**About this task**
Report back every line in the data that includes the string "Build".

**Materials provided**
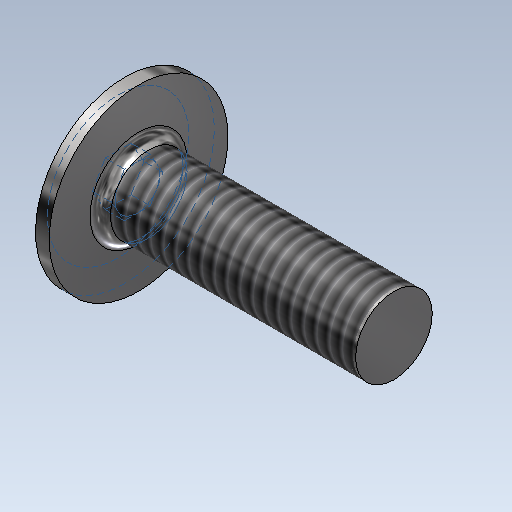
# Autodesk Inventor part: 超極低頭ネジL10
Saved by Autodesk Inventor 2020 (Build 240168000, 168)
## iProperties
Created: 2020-02-24
Part Number: 超極低頭ネジL10
Material: ステンレス鋼 440C
Catalog Web Link: www.cadenas.de
Description: CBSSE, CBSKE, CBSTSE-Ultra Low Head Cap Screws
Vendor: MISUMI
Document SubType Name: Modeling
Designer: psadmin
Manufacturer: MISUMI
Mass: 0.755034 g
Surface Area: 1.87243 cm^2
Volume: 0.0974238 cm^3
Density: 7.75 g/cm^3
Appearance: 半つや出し
Category: PARTsolutions
Company: MISUMI
PSOL_IDENT_0: {$CADENAS_DATA\23d-libs\misumi\metric\27_screws_nuts\cbsse.prj},179 {VTYP=3D},{NB=CBSKE3-6},{LINA=CB
PSOL_IDENT_1: SKE3-6},{NN=CBSSE, CBSKE, CBSTSE},{DATE=09.09.2019 15:27:56},{GEOMDATE=04.03.2010 00:00:00},{VERSION=
PSOL_IDENT_2: },{LINEID=30},{WBVAR=MAT,ST,L},{WBNUMERIC=L}  {NB=CBSKE3-6},{LINA=CBSKE3-6},{KT=DUMMY},{PN=CBSKE3-6}
PSOL_IDENT_3: ,{TYPE=CBSKE},{MAT=1},{MATA=  '1','Cold Forged Carbon Steel Wire SWCH12~18A','2','SUSXM7(30430 Stain
PSOL_IDENT_4: less Steel)'    },{HARD=HV400~},{ST=2},{STA=    '1', 'Nickel Plating', '2', 'Black Nickel Plating'
PSOL_IDENT_5: },{M=3},{M1=3.0},{L=6},{L0=6, 8, 10},{MP=3x0.5},{A=7},{E=0.8},{B=1.27},{C=1.75},{TT=0.75},{RR=0.
PSOL_IDENT_6: 4},{P=0.50}
NN: CBSSE, CBSKE, CBSTSE
NT: Ultra Low Head Cap Screws
NB: CBSKE3-6
NBSYN: $PN.
LINA: CBSKE3-6
PN: CBSKE3-6
MAT: Cold Forged Carbon Steel Wire SWCH12~18A
HARD: HV400~
ST: Black Nickel Plating
M: 3
L: 6
MP: 3x0.5
A: 7
E: 0.8
B: 1.27
C: 1.75
TT: 0.75
RR: 0.4
SUPPLIER: MISUMI
ARTICLENO: CBSKE3-6
BOMINFO: CBSKE3-6
CREATOR: CADENAS GmbH
Title: CBSKE3-6
Author: Cadenas PARTsolutions
Comments: Ultra Low Head Cap Screws
Autodesk Inventor part; units mm, degrees
ref_plane "YZ Plane" through (0, 0, 0) normal (1, 0, 0) x (0, 1, 0)
ref_plane "XZ Plane" through (0, 0, 0) normal (0, 1, 0) x (-1, 0, 0)
ref_plane "XY Plane" through (0, 0, 0) normal (0, 0, 1) x (1, 0, 0)
sketch "Sketch_1" plane through (0, 0, 0) normal (0, 0, 1) x (1, 0, 0)
  line L0 (6, 0) -> (0, 0)
  line L1 (-0.8, 0) -> (-0.8, 2.7673)
  line L2 (-0.8, 2.7673) -> (-0.5333, 3.5)
  line L3 (-0.5333, 3.5) -> (0, 3.5)
  line L4 (0, 3.5) -> (0, 1.9)
  arc A0 (0, 1.9) -> (0.4, 1.5) centre (0.4, 1.9) ccw
  line L5 (0.4, 1.5) -> (6, 1.5)
  line L6 (6, 1.5) -> (6, 0)
  line L7 (6, 0) -> (-0.8, 0)
  line L8 (0, 0) -> (-0.8, 0)
  dimension "d6" = 6
  constraints: 18 end point, 3 vertical, 2 point on circle, 2 point on line, 1 centre point, 5 other
  measures "d6" distance of L0.start L0.end
revolve "Revolution1" add sketch "Sketch_1" angle 360 about axis through (6, 0, 0) along (1, 0, 0)
sketch "Sketch_5" plane through (-0.05, 0, 0) normal (1, 0, 0) x (0, 0, -1)
  arc A0 (-0.6801, -0.1159) -> (-0.4404, -0.531) centre (-0.5499, -0.3175) ccw
  arc A1 (-0.341, -0.5357) -> (-0.4404, -0.531) centre (-0.3947, -0.62) ccw
  arc A2 (-0.341, -0.5357) -> (-0.2934, -0.5632) centre (0, 0) ccw
  arc A3 (-0.2397, -0.6469) -> (-0.2934, -0.5632) centre (-0.3396, -0.6519) ccw
  arc A4 (-0.2397, -0.6469) -> (0.2397, -0.6469) centre (0, -0.635) ccw
  arc A5 (0.2934, -0.5632) -> (0.2397, -0.6469) centre (0.3396, -0.6519) ccw
  arc A6 (0.2934, -0.5632) -> (0.341, -0.5357) centre (0, 0) ccw
  arc A7 (0.4404, -0.531) -> (0.341, -0.5357) centre (0.3947, -0.62) ccw
  arc A8 (0.4404, -0.531) -> (0.6801, -0.1159) centre (0.5499, -0.3175) ccw
  arc A9 (0.6344, -0.0275) -> (0.6801, -0.1159) centre (0.7343, -0.0318) ccw
  arc A10 (0.6344, -0.0275) -> (0.6344, 0.0275) centre (0, 0) ccw
  arc A11 (0.6801, 0.1159) -> (0.6344, 0.0275) centre (0.7343, 0.0318) ccw
  arc A12 (0.6801, 0.1159) -> (0.4404, 0.531) centre (0.5499, 0.3175) ccw
  arc A13 (0.341, 0.5357) -> (0.4404, 0.531) centre (0.3947, 0.62) ccw
  arc A14 (0.341, 0.5357) -> (0.2934, 0.5632) centre (0, 0) ccw
  arc A15 (0.2397, 0.6469) -> (0.2934, 0.5632) centre (0.3396, 0.6519) ccw
  arc A16 (0.2397, 0.6469) -> (-0.2397, 0.6469) centre (0, 0.635) ccw
  arc A17 (-0.2934, 0.5632) -> (-0.2397, 0.6469) centre (-0.3396, 0.6519) ccw
  arc A18 (-0.2934, 0.5632) -> (-0.341, 0.5357) centre (0, 0) ccw
  arc A19 (-0.4404, 0.531) -> (-0.341, 0.5357) centre (-0.3947, 0.62) ccw
  arc A20 (-0.4404, 0.531) -> (-0.6801, 0.1159) centre (-0.5499, 0.3175) ccw
  arc A21 (-0.6344, 0.0275) -> (-0.6801, 0.1159) centre (-0.7343, 0.0318) ccw
  arc A22 (-0.6344, 0.0275) -> (-0.6344, -0.0275) centre (0, 0) ccw
  arc A23 (-0.6801, -0.1159) -> (-0.6344, -0.0275) centre (-0.7343, -0.0318) ccw
  line L0 (0.5052, 0.875) -> (1.0104, 0)
  line L1 (1.0104, 0) -> (0.5052, -0.875)
  line L2 (0.5052, -0.875) -> (-0.5052, -0.875)
  line L3 (-0.5052, -0.875) -> (-1.0104, 0)
  line L4 (-1.0104, 0) -> (-0.5052, 0.875)
  line L5 (-0.5052, 0.875) -> (0.5052, 0.875)
  point P0 (0, 0.875)
  point P1 (0.7578, 0.4375)
  point P2 (-0.7578, 0.4375)
  point P3 (0, -0.875)
  point P4 (0.7578, -0.4375)
  point P5 (-0.7578, -0.4375)
  constraints: 49 point on circle, 24 centre point, 12 end point, 1 coincident, 1 midpoint, 13 other
extrude "Extrusion1" cut sketch "Sketch_5" against normal blind 0.75
sketch "Sketch_2" plane through (0, 0, 0) normal (0, 0, 1) x (1, 0, 0)
  line L0 (0.4552, 0) -> (0, 0)
  line L1 (-0.05, 0) -> (-0.05, 0.875)
  line L2 (-0.05, 0.875) -> (0.4552, 0)
  line L3 (0.4552, 0) -> (-0.05, 0)
  line L4 (-0.05, 0.875) -> (-0.8, 0.875) projected
  constraints: 8 end point, 1 point on line
revolve "Revolution2" cut sketch "Sketch_2" angle 360 about axis through (0.4552, 0, 0) along (1, 0, 0)
sketch "スケッチ4" plane through (6, 0, 0) normal (1, 0, 0) x (0, 0, -1)
  circle A0 centre (0, 0) radius 1.5 projected
extrude "押し出し2" add sketch "スケッチ4" along normal blind 4
thread "Thread1" size "M3x0.5" class "6g" standard "ANSI Metric M Profile" length 9.5 offset 0.1
body "Solid1"
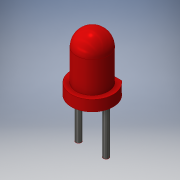
# Autodesk Inventor part: 3mm_LED
Saved by Autodesk Inventor 2016 (Build 200138000, 138)
## iProperties
Created: 2016-09-23
Part Number: 3mm_LED
Material: Generic
Document SubType Name: Modeling
Designer: jfixelle
Density: 1 g/cm^3
Appearance: Red
Author: jfixelle
Autodesk Inventor part; units mm, degrees
ref_plane "YZ Plane" through (0, 0, 0) normal (1, 0, 0) x (0, 1, 0)
ref_plane "XZ Plane" through (0, 0, 0) normal (0, 1, 0) x (-1, 0, 0)
ref_plane "XY Plane" through (0, 0, 0) normal (0, 0, 1) x (1, 0, 0)
sketch "Sketch1" plane through (0, 0, 0) normal (0, 1, 0) x (-1, 0, 0)
  arc A0 (1.2065, -1.5) -> (-1.2065, -1.5) centre (0, 0) ccw
  circle A1 centre (0, 0) radius 1.5
  line L0 (0, -1.5) -> (1.2065, -1.5)
  line L1 (0, -1.5) -> (-1.2065, -1.5)
  dimension "d1" = 3
  dimension "d0" = 3.85
  constraints: 4 end point, 2 coincident, 2 horizontal, 2 point on circle, 1 centre point, 1 point on line, 1 vertical alignment, 2 other
  measures "d0" diameter of A0
extrude "Extrusion1" add sketch "Sketch1" along normal blind 1 contours A1 | L0 L1 A0
sketch "Sketch2" plane through (0, 1, 0) normal (0, 1, 0) x (1, 0, 0)
  arc A0 (-1.2065, 1.5) -> (1.2065, 1.5) centre (0, 0) ccw projected
  circle A1 centre (0, 0) radius 1.47
  dimension "d4" = 2.94
  constraints: 1 centre point, 1 coincident
  measures "d4" diameter of A1
extrude "Extrusion2" add sketch "Sketch2" along normal blind 4.32
fillet "Fillet1" radius 1.47 1 edges at (-1.47, 5.32, 0)
sketch "Sketch3" plane through (0, 0, 0) normal (0, -1, 0) x (1, 0, 0)
  circle A0 centre (1.27, 0) radius 0.25
  circle A1 centre (-1.27, 0) radius 0.25
  point P0 (0, 0)
  dimension "d8" = 0.5
  dimension "d9" = 0.5
  dimension "d10" = 1.27
  dimension "d11" = 1.27
  constraints: 2 centre point
  measures "d8" diameter of A1
  measures "d9" diameter of A0
  measures "d10" distance of point (0, 0) A0.centre
  measures "d11" distance of A1.centre point (0, 0)
extrude "Extrusion3" add sketch "Sketch3" along normal blind 4.32
body "Solid1"

**Exercise response**
Saved by Autodesk Inventor 2020 (Build 240168000, 168)
Saved by Autodesk Inventor 2016 (Build 200138000, 138)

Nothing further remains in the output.